# Firefox congelando tela! <RESOLVIDO>

## mfdzerohour

Boa Noite,

    O Firefox anda congelando a tela (pagina da web) demora aproximadamente 15 a 30 segundos para retornar ao normal, (digitar textos ou mesmo rolar a pagina para baixo) quando minimizo a janela (quando esta congelada) ele mostra a barra de titulo e as bordas da pagina o centro (contéudo) fica transparante, apesar de não atualizar a tela (o que se passa por trás do firefox), já tentei compilar ou usar o pacote já compilado mas ambas as versões apresentam o mesmo problema, não apresenteva esse problema com o firefox 2.0.0.4! Será algum tipo de bug ou algo errado com meu PC, minha placa de video é i845 da intel compilada como built-in no kernel, não esta como modulo, já mudei também a placa de video para VESA mas apresenta o problema do mesmo jeito!Last edited by mfdzerohour on Thu Aug 09, 2007 3:59 pm; edited 1 time in total

----------

## baldeante

Boas,

Não consigo ter qualquer ideia do que esteja a causar o teu problema mas já tentaste ver nos logs em /var/logs ??

As vezes pode haver algum problema imperceptível a primeira vista, lembro-me de ter tido problemas com gmplayer só por causa de não ter um ficheiro de configuração ...... e a solução passou por criar o ficheiro vazio .... 

Experimenta mudar o nome da pasta ~.firefox para .firefox.old e voltar a abrir o firefox desta forma ele vai recriar a pasta com configurações por defeito as vezes pode haver algum problema nas mesmas ....

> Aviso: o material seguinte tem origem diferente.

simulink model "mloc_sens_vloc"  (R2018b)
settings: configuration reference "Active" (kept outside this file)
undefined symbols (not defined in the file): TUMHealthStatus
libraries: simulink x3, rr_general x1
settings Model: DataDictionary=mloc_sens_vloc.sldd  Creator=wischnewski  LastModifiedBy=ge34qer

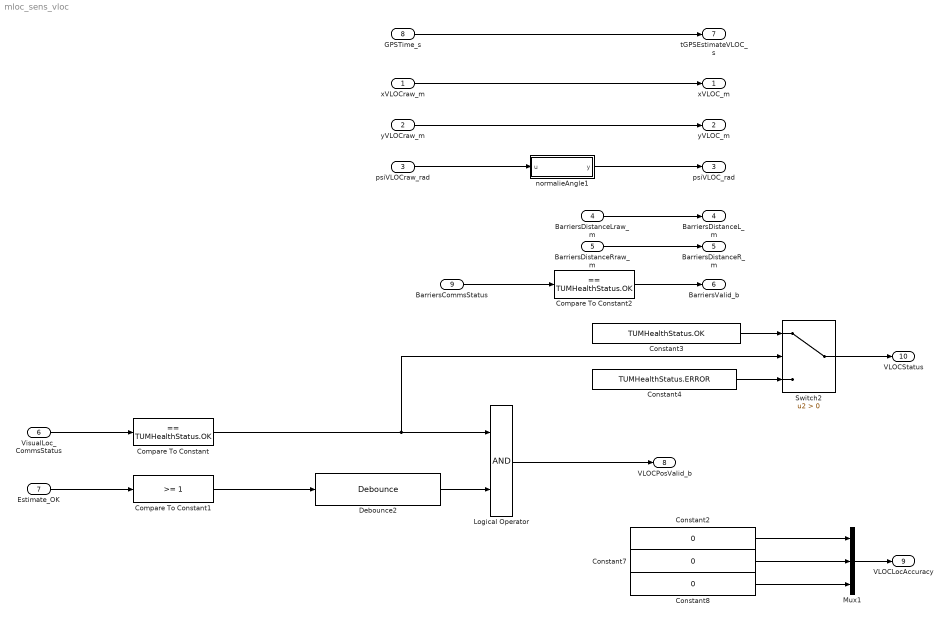
== system mloc_sens_vloc ==
  xVLOCraw_m : Inport
  yVLOCraw_m : Inport  Port=2
  "psiVLOCraw_rad " : Inport  Port=3
  BarriersDistanceLraw_m : Inport  Port=4
  BarriersDistanceRraw_m : Inport  Port=5
  VisualLoc_CommsStatus : Inport  Port=6  OutDataTypeStr=Enum: TUMHealthStatus
  Estimate_OK : Inport  Port=7  OutDataTypeStr=uint16
  GPSTime_s : Inport  Port=8
  BarriersCommsStatus : Inport  Port=9  OutDataTypeStr=Enum: TUMHealthStatus
  Compare To Constant : simulink/Logic and Bit Operations/Compare To Constant  relop===  const=TUMHealthStatus.OK  OutDataTypeStr=boolean
  Compare To Constant1 : simulink/Logic and Bit Operations/Compare To Constant  relop=>=  const=1  OutDataTypeStr=boolean
  Compare To Constant2 : simulink/Logic and Bit Operations/Compare To Constant  relop===  const=TUMHealthStatus.OK  OutDataTypeStr=boolean
  Constant2 : Constant  Value=0
  Constant3 : Constant  Value=TUMHealthStatus.OK  OutDataTypeStr=Enum: TUMHealthStatus
  Constant4 : Constant  Value=TUMHealthStatus.ERROR  OutDataTypeStr=Enum: TUMHealthStatus
  Constant7 : Constant  Value=0
  Constant8 : Constant  Value=0
  Debounce2 : rr_general/Debounce  debounce_cycles=P_MLOC_DebounceVLOC
  Logical Operator : Logic  AllPortsSameDT=off  OutDataTypeStr=boolean
  Mux1 : Mux  Inputs=3
  Switch2 : Switch  Criteria=u2 > Threshold
  normalieAngle1 : MATLAB Function  TreatAsAtomicUnit=on
  xVLOC_m : Outport
  yVLOC_m : Outport  Port=2
  psiVLOC_rad : Outport  Port=3
  BarriersDistanceL_m : Outport  Port=4
  BarriersDistanceR_m : Outport  Port=5
  BarriersValid_b : Outport  Port=6  OutDataTypeStr=boolean
  tGPSEstimateVLOC_s : Outport  Port=7
  VLOCPosValid_b : Outport  Port=8  OutDataTypeStr=boolean
  VLOCLocAccuracy : Outport  Port=9
  VLOCStatus : Outport  Port=10  OutDataTypeStr=Enum: TUMHealthStatus
  wires:
  GPSTime_s/1 -> tGPSEstimateVLOC_s/1
  VisualLoc_CommsStatus/1 -> Compare To Constant/1
  Constant4/1 -> Switch2/3
  Constant3/1 -> Switch2/1
  Switch2/1 -> VLOCStatus/1
  Logical Operator/1 -> VLOCPosValid_b/1
  Compare To Constant1/1 -> Debounce2/1
  Estimate_OK/1 -> Compare To Constant1/1
  Debounce2/1 -> Logical Operator/2
  BarriersDistanceLraw_m/1 -> BarriersDistanceL_m/1
  BarriersDistanceRraw_m/1 -> BarriersDistanceR_m/1
  yVLOCraw_m/1 -> yVLOC_m/1
  xVLOCraw_m/1 -> xVLOC_m/1
  Compare To Constant/1 -> Switch2/2, Logical Operator/1
  "psiVLOCraw_rad "/1 -> normalieAngle1/1(u)
  normalieAngle1/1(y) -> psiVLOC_rad/1
  BarriersCommsStatus/1 -> Compare To Constant2/1
  Compare To Constant2/1 -> BarriersValid_b/1
  Constant7/1 -> Mux1/2
  Constant2/1 -> Mux1/1
  Mux1/1 -> VLOCLocAccuracy/1
  Constant8/1 -> Mux1/3

== matlab function mloc_sens_vloc/normalieAngle1 ==
  data: u input; y output
function y = fcn(u)

y = normalizeAngle(u);

Abre o firefox dentro de uma linha de comandos para ver se aparece algum erro na consola quando este abre, as vezes so assim e que encontro problemas em alguns programas .....

----------

## mfdzerohour

Não sei porque, mas realmente apagando o profile dele resolveu o problema, de congelamento da tela

----------

## baldeante

 *mfdzerohour wrote:*   

> Não sei porque, mas realmente apagando o profile dele resolveu o problema, de congelamento da tela

 

Também não sei responder porque mas já reparei que am alguns programas instalados existe conflito com o profile antigo eu deduzo que seja devido a diferença de versões e da forma como a versão anterior e a nova interpretam ou gravam informação no profile ....

----------